The population of rabbits on a farm
grows exponentially. If there are currently 245 rabbits
and the relative growth rate is 23 percent, find a function 𝑛 of 𝑡 to describe the
number of rabbits after 𝑡 years.
In this question, we have our
variables defined. We’re told that 𝑡 is the number of
years, and 𝑛 of 𝑡 is the function that describes the number of rabbits. We know that since the population
grows exponentially, we can use the equation d𝑃 by d𝑡 equals 𝑘 times 𝑃 to
describe it. In fact though, we’ll rewrite this
using our variables such that d𝑛 by d𝑡 equals 𝑘 times 𝑛. We could have written this using
function notation such that 𝑛 prime of 𝑡 equals 𝑘 times 𝑛. But personally, I prefer to work
with Leibniz notation.
Now, in fact, we have a value for
𝑘. We know that the relative growth
rate is 23 percent. That’s 0.23 as a decimal. And we can therefore say that d𝑛
by d𝑡 equals 0.23 times 𝑛. Now remember, once d𝑛 by d𝑡 is
absolutely not a fraction, there are certain circumstances where we treat it a
little like one. Here, we can rewrite our
differential equation as one over 𝑛 d𝑛 equals 0.23 d𝑡. We’re then going to integrate both
sides of this equation. The integral of the left-hand side
is the natural log of 𝑛 plus some constant of integration 𝑎. And the integral of the right-hand
side is 0.23𝑡 plus a different constant of integration 𝑏.
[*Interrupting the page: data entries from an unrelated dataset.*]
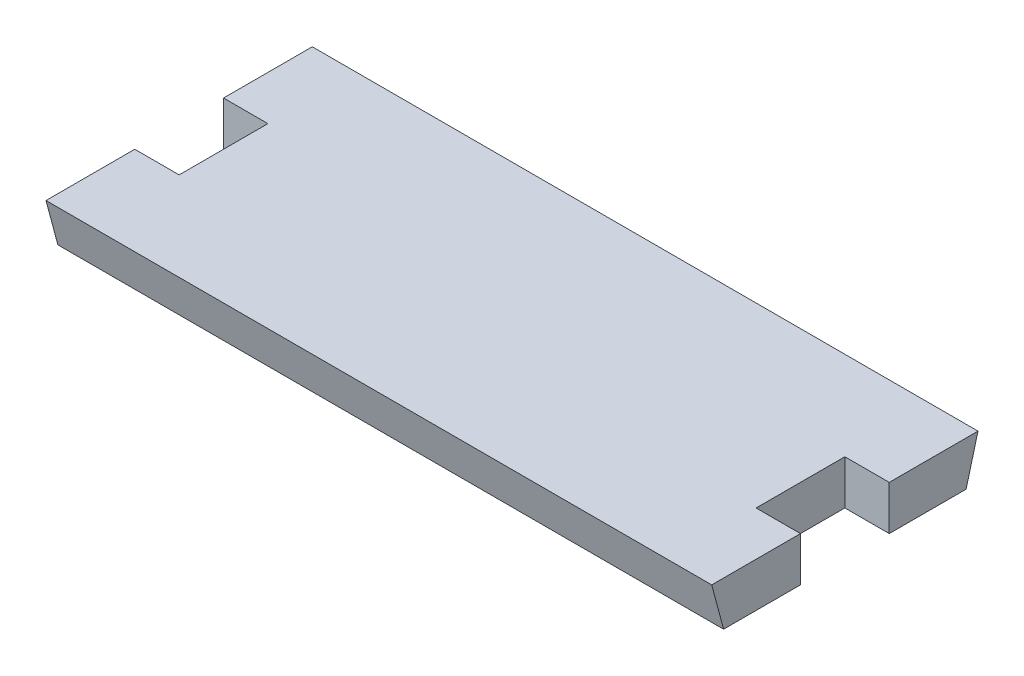
ISO-10303-21;
HEADER;
FILE_DESCRIPTION(('STEP AP214'),'2;1');
FILE_NAME('part.step','',(''),(''),'','','');
FILE_SCHEMA(('AUTOMOTIVE_DESIGN { 1 0 10303 214 1 1 1 1 }'));
ENDSEC;
DATA;
#1=APPLICATION_CONTEXT('core data for automotive mechanical design processes');
#2=APPLICATION_PROTOCOL_DEFINITION('international standard','automotive_design',2000,#1);
#3=PRODUCT_CONTEXT('',#1,'mechanical');
#4=PRODUCT('Part','Part','',(#3));
#5=PRODUCT_RELATED_PRODUCT_CATEGORY('part','',(#4));
#6=PRODUCT_DEFINITION_FORMATION('','',#4);
#7=PRODUCT_DEFINITION_CONTEXT('part definition',#1,'design');
#8=PRODUCT_DEFINITION('design','',#6,#7);
#9=PRODUCT_DEFINITION_SHAPE('','',#8);
#10=(LENGTH_UNIT() NAMED_UNIT(*) SI_UNIT(.MILLI.,.METRE.));
#11=(NAMED_UNIT(*) PLANE_ANGLE_UNIT() SI_UNIT($,.RADIAN.));
#12=(NAMED_UNIT(*) SI_UNIT($,.STERADIAN.) SOLID_ANGLE_UNIT());
#13=UNCERTAINTY_MEASURE_WITH_UNIT(LENGTH_MEASURE(1.E-05),#10,'distance_accuracy_value','');
#14=(GEOMETRIC_REPRESENTATION_CONTEXT(3) GLOBAL_UNCERTAINTY_ASSIGNED_CONTEXT((#13)) GLOBAL_UNIT_ASSIGNED_CONTEXT((#10,
#11,#12)) REPRESENTATION_CONTEXT('',''));
#15=CARTESIAN_POINT('',(0.,0.,0.));
#16=DIRECTION('',(0.,0.,1.));
#17=DIRECTION('',(1.,0.,0.));
#18=AXIS2_PLACEMENT_3D('',#15,#16,#17);
#19=CARTESIAN_POINT('',(75.,10.,30.));
#20=DIRECTION('',(-1.,0.,0.));
#21=DIRECTION('',(0.,0.,1.));
#22=AXIS2_PLACEMENT_3D('',#19,#20,#21);
#23=PLANE('',#22);
#24=DIRECTION('',(0.,-1.,0.));
#25=VECTOR('',#24,1.);
#26=CARTESIAN_POINT('',(75.,10.,-10.));
#27=LINE('',#26,#25);
#28=CARTESIAN_POINT('',(75.,10.,-10.));
#29=VERTEX_POINT('',#28);
#30=CARTESIAN_POINT('',(75.,0.,-10.));
#31=VERTEX_POINT('',#30);
#32=EDGE_CURVE('E176',#29,#31,#27,.T.);
#33=ORIENTED_EDGE('',*,*,#32,.T.);
#34=DIRECTION('',(0.,0.,-1.));
#35=VECTOR('',#34,1.);
#36=CARTESIAN_POINT('',(75.,0.,30.));
#37=LINE('',#36,#35);
#38=CARTESIAN_POINT('',(75.,0.,-27.3205080756888));
#39=VERTEX_POINT('',#38);
#40=EDGE_CURVE('E160',#31,#39,#37,.T.);
#41=ORIENTED_EDGE('',*,*,#40,.T.);
#42=DIRECTION('',(0.,0.965925826289068,-0.258819045102521));
#43=VECTOR('',#42,1.);
#44=CARTESIAN_POINT('',(75.,10.,-30.));
#45=LINE('',#44,#43);
#46=CARTESIAN_POINT('',(75.,10.,-30.));
#47=VERTEX_POINT('',#46);
#48=EDGE_CURVE('E163',#47,#39,#45,.F.);
#49=ORIENTED_EDGE('',*,*,#48,.F.);
#50=DIRECTION('',(0.,0.,-1.));
#51=VECTOR('',#50,1.);
#52=CARTESIAN_POINT('',(75.,10.,30.));
#53=LINE('',#52,#51);
#54=EDGE_CURVE('E146',#29,#47,#53,.T.);
#55=ORIENTED_EDGE('',*,*,#54,.F.);
#56=EDGE_LOOP('',(#33,#41,#49,#55));
#57=FACE_BOUND('',#56,.T.);
#58=ADVANCED_FACE('F32',(#57),#23,.F.);
#59=DIRECTION('',(0.,-1.,0.));
#60=VECTOR('',#59,1.);
#61=CARTESIAN_POINT('',(75.,10.,9.99999999999999));
#62=LINE('',#61,#60);
#63=CARTESIAN_POINT('',(75.,10.,9.99999999999999));
#64=VERTEX_POINT('',#63);
#65=CARTESIAN_POINT('',(75.,0.,9.99999999999999));
#66=VERTEX_POINT('',#65);
#67=EDGE_CURVE('E47',#64,#66,#62,.T.);
#68=ORIENTED_EDGE('',*,*,#67,.F.);
#69=CARTESIAN_POINT('',(75.,10.,30.));
#70=VERTEX_POINT('',#69);
#71=EDGE_CURVE('E136',#70,#64,#53,.T.);
#72=ORIENTED_EDGE('',*,*,#71,.F.);
#73=DIRECTION('',(0.,0.965925826289068,0.258819045102521));
#74=VECTOR('',#73,1.);
#75=CARTESIAN_POINT('',(75.,10.,30.));
#76=LINE('',#75,#74);
#77=CARTESIAN_POINT('',(75.,0.,27.3205080756888));
#78=VERTEX_POINT('',#77);
#79=EDGE_CURVE('E36',#70,#78,#76,.F.);
#80=ORIENTED_EDGE('',*,*,#79,.T.);
#81=EDGE_CURVE('E138',#78,#66,#37,.T.);
#82=ORIENTED_EDGE('',*,*,#81,.T.);
#83=EDGE_LOOP('',(#68,#72,#80,#82));
#84=FACE_BOUND('',#83,.T.);
#85=ADVANCED_FACE('F134',(#84),#23,.F.);
#86=CARTESIAN_POINT('',(0.,10.,0.));
#87=DIRECTION('',(0.,1.,0.));
#88=DIRECTION('',(0.,0.,1.));
#89=AXIS2_PLACEMENT_3D('',#86,#87,#88);
#90=PLANE('',#89);
#91=DIRECTION('',(0.,0.,1.));
#92=VECTOR('',#91,1.);
#93=CARTESIAN_POINT('',(65.,10.,-10.));
#94=LINE('',#93,#92);
#95=CARTESIAN_POINT('',(65.,10.,-10.));
#96=VERTEX_POINT('',#95);
#97=CARTESIAN_POINT('',(65.,10.,9.99999999999999));
#98=VERTEX_POINT('',#97);
#99=EDGE_CURVE('E128',#96,#98,#94,.T.);
#100=ORIENTED_EDGE('',*,*,#99,.F.);
#101=DIRECTION('',(-1.,0.,0.));
#102=VECTOR('',#101,1.);
#103=CARTESIAN_POINT('',(75.,10.,-10.));
#104=LINE('',#103,#102);
#105=EDGE_CURVE('E139',#29,#96,#104,.T.);
#106=ORIENTED_EDGE('',*,*,#105,.F.);
#107=ORIENTED_EDGE('',*,*,#54,.T.);
#108=DIRECTION('',(-1.,0.,0.));
#109=VECTOR('',#108,1.);
#110=CARTESIAN_POINT('',(75.,10.,-30.));
#111=LINE('',#110,#109);
#112=CARTESIAN_POINT('',(-75.,10.,-30.));
#113=VERTEX_POINT('',#112);
#114=EDGE_CURVE('E145',#47,#113,#111,.T.);
#115=ORIENTED_EDGE('',*,*,#114,.T.);
#116=DIRECTION('',(0.,0.,1.));
#117=VECTOR('',#116,1.);
#118=CARTESIAN_POINT('',(-75.,10.,30.));
#119=LINE('',#118,#117);
#120=CARTESIAN_POINT('',(-75.,10.,-10.));
#121=VERTEX_POINT('',#120);
#122=EDGE_CURVE('E191',#113,#121,#119,.T.);
#123=ORIENTED_EDGE('',*,*,#122,.T.);
#124=DIRECTION('',(1.,0.,0.));
#125=VECTOR('',#124,1.);
#126=CARTESIAN_POINT('',(-75.,10.,-10.));
#127=LINE('',#126,#125);
#128=CARTESIAN_POINT('',(-65.,10.,-10.));
#129=VERTEX_POINT('',#128);
#130=EDGE_CURVE('E205',#121,#129,#127,.T.);
#131=ORIENTED_EDGE('',*,*,#130,.T.);
#132=DIRECTION('',(0.,0.,1.));
#133=VECTOR('',#132,1.);
#134=CARTESIAN_POINT('',(-65.,10.,-10.));
#135=LINE('',#134,#133);
#136=CARTESIAN_POINT('',(-65.,10.,9.99999999999999));
#137=VERTEX_POINT('',#136);
#138=EDGE_CURVE('E212',#129,#137,#135,.T.);
#139=ORIENTED_EDGE('',*,*,#138,.T.);
#140=DIRECTION('',(-1.,0.,0.));
#141=VECTOR('',#140,1.);
#142=CARTESIAN_POINT('',(-65.,10.,9.99999999999999));
#143=LINE('',#142,#141);
#144=CARTESIAN_POINT('',(-75.,10.,9.99999999999999));
#145=VERTEX_POINT('',#144);
#146=EDGE_CURVE('E196',#137,#145,#143,.T.);
#147=ORIENTED_EDGE('',*,*,#146,.T.);
#148=CARTESIAN_POINT('',(-75.,10.,30.));
#149=VERTEX_POINT('',#148);
#150=EDGE_CURVE('E162',#145,#149,#119,.T.);
#151=ORIENTED_EDGE('',*,*,#150,.T.);
#152=DIRECTION('',(1.,0.,0.));
#153=VECTOR('',#152,1.);
#154=CARTESIAN_POINT('',(75.,10.,30.));
#155=LINE('',#154,#153);
#156=EDGE_CURVE('E143',#149,#70,#155,.T.);
#157=ORIENTED_EDGE('',*,*,#156,.T.);
#158=ORIENTED_EDGE('',*,*,#71,.T.);
#159=DIRECTION('',(1.,0.,0.));
#160=VECTOR('',#159,1.);
#161=CARTESIAN_POINT('',(65.,10.,9.99999999999999));
#162=LINE('',#161,#160);
#163=EDGE_CURVE('E122',#98,#64,#162,.T.);
#164=ORIENTED_EDGE('',*,*,#163,.F.);
#165=EDGE_LOOP('',(#100,#106,#107,#115,#123,#131,#139,#147,#151,#157,#158,#164));
#166=FACE_BOUND('',#165,.T.);
#167=ADVANCED_FACE('F141',(#166),#90,.T.);
#168=CARTESIAN_POINT('',(0.,0.,0.));
#169=DIRECTION('',(0.,1.,0.));
#170=DIRECTION('',(0.,0.,1.));
#171=AXIS2_PLACEMENT_3D('',#168,#169,#170);
#172=PLANE('',#171);
#173=DIRECTION('',(-1.,0.,0.));
#174=VECTOR('',#173,1.);
#175=CARTESIAN_POINT('',(75.,0.,-10.));
#176=LINE('',#175,#174);
#177=CARTESIAN_POINT('',(65.,0.,-10.));
#178=VERTEX_POINT('',#177);
#179=EDGE_CURVE('E129',#31,#178,#176,.T.);
#180=ORIENTED_EDGE('',*,*,#179,.T.);
#181=DIRECTION('',(0.,0.,1.));
#182=VECTOR('',#181,1.);
#183=CARTESIAN_POINT('',(65.,0.,-10.));
#184=LINE('',#183,#182);
#185=CARTESIAN_POINT('',(65.,0.,9.99999999999999));
#186=VERTEX_POINT('',#185);
#187=EDGE_CURVE('E221',#178,#186,#184,.T.);
#188=ORIENTED_EDGE('',*,*,#187,.T.);
#189=DIRECTION('',(1.,0.,0.));
#190=VECTOR('',#189,1.);
#191=CARTESIAN_POINT('',(65.,0.,9.99999999999999));
#192=LINE('',#191,#190);
#193=EDGE_CURVE('E224',#186,#66,#192,.T.);
#194=ORIENTED_EDGE('',*,*,#193,.T.);
#195=ORIENTED_EDGE('',*,*,#81,.F.);
#196=DIRECTION('',(-1.,0.,0.));
#197=VECTOR('',#196,1.);
#198=CARTESIAN_POINT('',(75.,0.,27.3205080756888));
#199=LINE('',#198,#197);
#200=CARTESIAN_POINT('',(-75.,0.,27.3205080756888));
#201=VERTEX_POINT('',#200);
#202=EDGE_CURVE('E156',#201,#78,#199,.F.);
#203=ORIENTED_EDGE('',*,*,#202,.F.);
#204=DIRECTION('',(0.,0.,1.));
#205=VECTOR('',#204,1.);
#206=CARTESIAN_POINT('',(-75.,0.,30.));
#207=LINE('',#206,#205);
#208=CARTESIAN_POINT('',(-75.,0.,9.99999999999999));
#209=VERTEX_POINT('',#208);
#210=EDGE_CURVE('E157',#209,#201,#207,.T.);
#211=ORIENTED_EDGE('',*,*,#210,.F.);
#212=DIRECTION('',(-1.,0.,0.));
#213=VECTOR('',#212,1.);
#214=CARTESIAN_POINT('',(-65.,0.,9.99999999999999));
#215=LINE('',#214,#213);
#216=CARTESIAN_POINT('',(-65.,0.,9.99999999999999));
#217=VERTEX_POINT('',#216);
#218=EDGE_CURVE('E203',#217,#209,#215,.T.);
#219=ORIENTED_EDGE('',*,*,#218,.F.);
#220=DIRECTION('',(0.,0.,1.));
#221=VECTOR('',#220,1.);
#222=CARTESIAN_POINT('',(-65.,0.,-10.));
#223=LINE('',#222,#221);
#224=CARTESIAN_POINT('',(-65.,0.,-10.));
#225=VERTEX_POINT('',#224);
#226=EDGE_CURVE('E206',#225,#217,#223,.T.);
#227=ORIENTED_EDGE('',*,*,#226,.F.);
#228=DIRECTION('',(1.,0.,0.));
#229=VECTOR('',#228,1.);
#230=CARTESIAN_POINT('',(-75.,0.,-10.));
#231=LINE('',#230,#229);
#232=CARTESIAN_POINT('',(-75.,0.,-10.));
#233=VERTEX_POINT('',#232);
#234=EDGE_CURVE('E186',#233,#225,#231,.T.);
#235=ORIENTED_EDGE('',*,*,#234,.F.);
#236=CARTESIAN_POINT('',(-75.,0.,-27.3205080756888));
#237=VERTEX_POINT('',#236);
#238=EDGE_CURVE('E153',#237,#233,#207,.T.);
#239=ORIENTED_EDGE('',*,*,#238,.F.);
#240=DIRECTION('',(1.,0.,0.));
#241=VECTOR('',#240,1.);
#242=CARTESIAN_POINT('',(75.,0.,-27.3205080756888));
#243=LINE('',#242,#241);
#244=EDGE_CURVE('E159',#39,#237,#243,.F.);
#245=ORIENTED_EDGE('',*,*,#244,.F.);
#246=ORIENTED_EDGE('',*,*,#40,.F.);
#247=EDGE_LOOP('',(#180,#188,#194,#195,#203,#211,#219,#227,#235,#239,#245,#246));
#248=FACE_BOUND('',#247,.T.);
#249=ADVANCED_FACE('F184',(#248),#172,.F.);
#250=CARTESIAN_POINT('',(-75.,10.,30.));
#251=DIRECTION('',(1.,0.,0.));
#252=DIRECTION('',(0.,0.,-1.));
#253=AXIS2_PLACEMENT_3D('',#250,#251,#252);
#254=PLANE('',#253);
#255=ORIENTED_EDGE('',*,*,#150,.F.);
#256=DIRECTION('',(0.,-1.,0.));
#257=VECTOR('',#256,1.);
#258=CARTESIAN_POINT('',(-75.,10.,9.99999999999999));
#259=LINE('',#258,#257);
#260=EDGE_CURVE('E200',#145,#209,#259,.T.);
#261=ORIENTED_EDGE('',*,*,#260,.T.);
#262=ORIENTED_EDGE('',*,*,#210,.T.);
#263=DIRECTION('',(0.,0.965925826289068,0.258819045102521));
#264=VECTOR('',#263,1.);
#265=CARTESIAN_POINT('',(-75.,9.99999999999999,30.));
#266=LINE('',#265,#264);
#267=EDGE_CURVE('E11',#149,#201,#266,.F.);
#268=ORIENTED_EDGE('',*,*,#267,.F.);
#269=EDGE_LOOP('',(#255,#261,#262,#268));
#270=FACE_BOUND('',#269,.T.);
#271=ADVANCED_FACE('F239',(#270),#254,.F.);
#272=ORIENTED_EDGE('',*,*,#238,.T.);
#273=DIRECTION('',(0.,-1.,0.));
#274=VECTOR('',#273,1.);
#275=CARTESIAN_POINT('',(-75.,10.,-10.));
#276=LINE('',#275,#274);
#277=EDGE_CURVE('E55',#121,#233,#276,.T.);
#278=ORIENTED_EDGE('',*,*,#277,.F.);
#279=ORIENTED_EDGE('',*,*,#122,.F.);
#280=DIRECTION('',(0.,0.965925826289068,-0.258819045102521));
#281=VECTOR('',#280,1.);
#282=CARTESIAN_POINT('',(-75.,-5.00000000000003,-25.9807621135331));
#283=LINE('',#282,#281);
#284=EDGE_CURVE('E148',#113,#237,#283,.F.);
#285=ORIENTED_EDGE('',*,*,#284,.T.);
#286=EDGE_LOOP('',(#272,#278,#279,#285));
#287=FACE_BOUND('',#286,.T.);
#288=ADVANCED_FACE('F188',(#287),#254,.F.);
#289=CARTESIAN_POINT('',(75.,10.,30.));
#290=DIRECTION('',(0.,-0.258819045102521,0.965925826289068));
#291=DIRECTION('',(0.,-0.965925826289068,-0.258819045102521));
#292=AXIS2_PLACEMENT_3D('',#289,#290,#291);
#293=PLANE('',#292);
#294=ORIENTED_EDGE('',*,*,#202,.T.);
#295=ORIENTED_EDGE('',*,*,#79,.F.);
#296=ORIENTED_EDGE('',*,*,#156,.F.);
#297=ORIENTED_EDGE('',*,*,#267,.T.);
#298=EDGE_LOOP('',(#294,#295,#296,#297));
#299=FACE_BOUND('',#298,.T.);
#300=ADVANCED_FACE('F34',(#299),#293,.T.);
#301=CARTESIAN_POINT('',(75.,10.,-30.));
#302=DIRECTION('',(0.,-0.258819045102521,-0.965925826289068));
#303=DIRECTION('',(0.,0.965925826289068,-0.258819045102521));
#304=AXIS2_PLACEMENT_3D('',#301,#302,#303);
#305=PLANE('',#304);
#306=ORIENTED_EDGE('',*,*,#244,.T.);
#307=ORIENTED_EDGE('',*,*,#284,.F.);
#308=ORIENTED_EDGE('',*,*,#114,.F.);
#309=ORIENTED_EDGE('',*,*,#48,.T.);
#310=EDGE_LOOP('',(#306,#307,#308,#309));
#311=FACE_BOUND('',#310,.T.);
#312=ADVANCED_FACE('F181',(#311),#305,.T.);
#313=CARTESIAN_POINT('',(-65.,10.,9.99999999999999));
#314=DIRECTION('',(0.,0.,1.));
#315=DIRECTION('',(1.,0.,0.));
#316=AXIS2_PLACEMENT_3D('',#313,#314,#315);
#317=PLANE('',#316);
#318=ORIENTED_EDGE('',*,*,#218,.T.);
#319=ORIENTED_EDGE('',*,*,#260,.F.);
#320=ORIENTED_EDGE('',*,*,#146,.F.);
#321=DIRECTION('',(0.,-1.,0.));
#322=VECTOR('',#321,1.);
#323=CARTESIAN_POINT('',(-65.,10.,9.99999999999999));
#324=LINE('',#323,#322);
#325=EDGE_CURVE('E198',#137,#217,#324,.T.);
#326=ORIENTED_EDGE('',*,*,#325,.T.);
#327=EDGE_LOOP('',(#318,#319,#320,#326));
#328=FACE_BOUND('',#327,.T.);
#329=ADVANCED_FACE('F242',(#328),#317,.F.);
#330=CARTESIAN_POINT('',(-65.,10.,-10.));
#331=DIRECTION('',(1.,0.,0.));
#332=DIRECTION('',(0.,0.,-1.));
#333=AXIS2_PLACEMENT_3D('',#330,#331,#332);
#334=PLANE('',#333);
#335=ORIENTED_EDGE('',*,*,#226,.T.);
#336=ORIENTED_EDGE('',*,*,#325,.F.);
#337=ORIENTED_EDGE('',*,*,#138,.F.);
#338=DIRECTION('',(0.,-1.,0.));
#339=VECTOR('',#338,1.);
#340=CARTESIAN_POINT('',(-65.,10.,-10.));
#341=LINE('',#340,#339);
#342=EDGE_CURVE('E195',#129,#225,#341,.T.);
#343=ORIENTED_EDGE('',*,*,#342,.T.);
#344=EDGE_LOOP('',(#335,#336,#337,#343));
#345=FACE_BOUND('',#344,.T.);
#346=ADVANCED_FACE('F245',(#345),#334,.F.);
#347=CARTESIAN_POINT('',(-75.,10.,-10.));
#348=DIRECTION('',(0.,0.,-1.));
#349=DIRECTION('',(-1.,0.,0.));
#350=AXIS2_PLACEMENT_3D('',#347,#348,#349);
#351=PLANE('',#350);
#352=ORIENTED_EDGE('',*,*,#234,.T.);
#353=ORIENTED_EDGE('',*,*,#342,.F.);
#354=ORIENTED_EDGE('',*,*,#130,.F.);
#355=ORIENTED_EDGE('',*,*,#277,.T.);
#356=EDGE_LOOP('',(#352,#353,#354,#355));
#357=FACE_BOUND('',#356,.T.);
#358=ADVANCED_FACE('F246',(#357),#351,.F.);
#359=CARTESIAN_POINT('',(75.,10.,-10.));
#360=DIRECTION('',(0.,0.,1.));
#361=DIRECTION('',(1.,0.,0.));
#362=AXIS2_PLACEMENT_3D('',#359,#360,#361);
#363=PLANE('',#362);
#364=ORIENTED_EDGE('',*,*,#179,.F.);
#365=ORIENTED_EDGE('',*,*,#32,.F.);
#366=ORIENTED_EDGE('',*,*,#105,.T.);
#367=DIRECTION('',(0.,-1.,0.));
#368=VECTOR('',#367,1.);
#369=CARTESIAN_POINT('',(65.,10.,-10.));
#370=LINE('',#369,#368);
#371=EDGE_CURVE('E217',#96,#178,#370,.T.);
#372=ORIENTED_EDGE('',*,*,#371,.T.);
#373=EDGE_LOOP('',(#364,#365,#366,#372));
#374=FACE_BOUND('',#373,.T.);
#375=ADVANCED_FACE('F233',(#374),#363,.T.);
#376=CARTESIAN_POINT('',(65.,10.,-10.));
#377=DIRECTION('',(1.,0.,0.));
#378=DIRECTION('',(0.,0.,-1.));
#379=AXIS2_PLACEMENT_3D('',#376,#377,#378);
#380=PLANE('',#379);
#381=ORIENTED_EDGE('',*,*,#187,.F.);
#382=ORIENTED_EDGE('',*,*,#371,.F.);
#383=ORIENTED_EDGE('',*,*,#99,.T.);
#384=DIRECTION('',(0.,-1.,0.));
#385=VECTOR('',#384,1.);
#386=CARTESIAN_POINT('',(65.,10.,9.99999999999999));
#387=LINE('',#386,#385);
#388=EDGE_CURVE('E124',#98,#186,#387,.T.);
#389=ORIENTED_EDGE('',*,*,#388,.T.);
#390=EDGE_LOOP('',(#381,#382,#383,#389));
#391=FACE_BOUND('',#390,.T.);
#392=ADVANCED_FACE('F230',(#391),#380,.T.);
#393=CARTESIAN_POINT('',(65.,10.,9.99999999999999));
#394=DIRECTION('',(0.,0.,-1.));
#395=DIRECTION('',(-1.,0.,0.));
#396=AXIS2_PLACEMENT_3D('',#393,#394,#395);
#397=PLANE('',#396);
#398=ORIENTED_EDGE('',*,*,#193,.F.);
#399=ORIENTED_EDGE('',*,*,#388,.F.);
#400=ORIENTED_EDGE('',*,*,#163,.T.);
#401=ORIENTED_EDGE('',*,*,#67,.T.);
#402=EDGE_LOOP('',(#398,#399,#400,#401));
#403=FACE_BOUND('',#402,.T.);
#404=ADVANCED_FACE('F123',(#403),#397,.T.);
#405=CLOSED_SHELL('',(#58,#85,#167,#249,#271,#288,#300,#312,#329,#346,#358,#375,#392,#404));
#406=MANIFOLD_SOLID_BREP('B2',#405);
#407=ADVANCED_BREP_SHAPE_REPRESENTATION('',(#18,#406),#14);
#408=SHAPE_DEFINITION_REPRESENTATION(#9,#407);
ENDSEC;
END-ISO-10303-21;

Now, note that usually the integral
of one over 𝑛 would be the natural log of the absolute value of 𝑛. But we know the number of rabbits
can’t be negative, so we don’t actually need to include that here. Combining our constants of
integration by subtracting 𝑎 from both sides, and we see the natural log of 𝑛 is
equal to 0.23𝑡 plus 𝑐. We then raise both sides to the
power of 𝑒 to find that 𝑒 to the power of the natural log of 𝑛 is equal to 𝑒 to
the power of 0.23𝑡 plus 𝑐. Well, 𝑒 to the natural log of 𝑛
is simply 𝑛.
And then, we use the laws of
exponents to rewrite the right-hand side as 𝑒 to the power of 0.23𝑡 times 𝑒 to
the power of 𝑐. But of course, 𝑒 to the power of
𝑐 is itself a constant. Let’s call it 𝑃. So, 𝑛 is equal to 𝑃 times 𝑒 to
the power of 0.23𝑡. Now, we’re almost done. There were initially 245 rabbits on
the farm. In other words, when 𝑡 is equal to
zero, 𝑛 is equal to 245. So, 245 equals 𝑃 times 𝑒 to the
power of zero because 𝑒 to the power of zero is one. So, we find 𝑃 to be equal to
245. And we found our function for
𝑛. We can say that 𝑛 of 𝑡 is equal
to 245𝑒 the power of 0.23𝑡.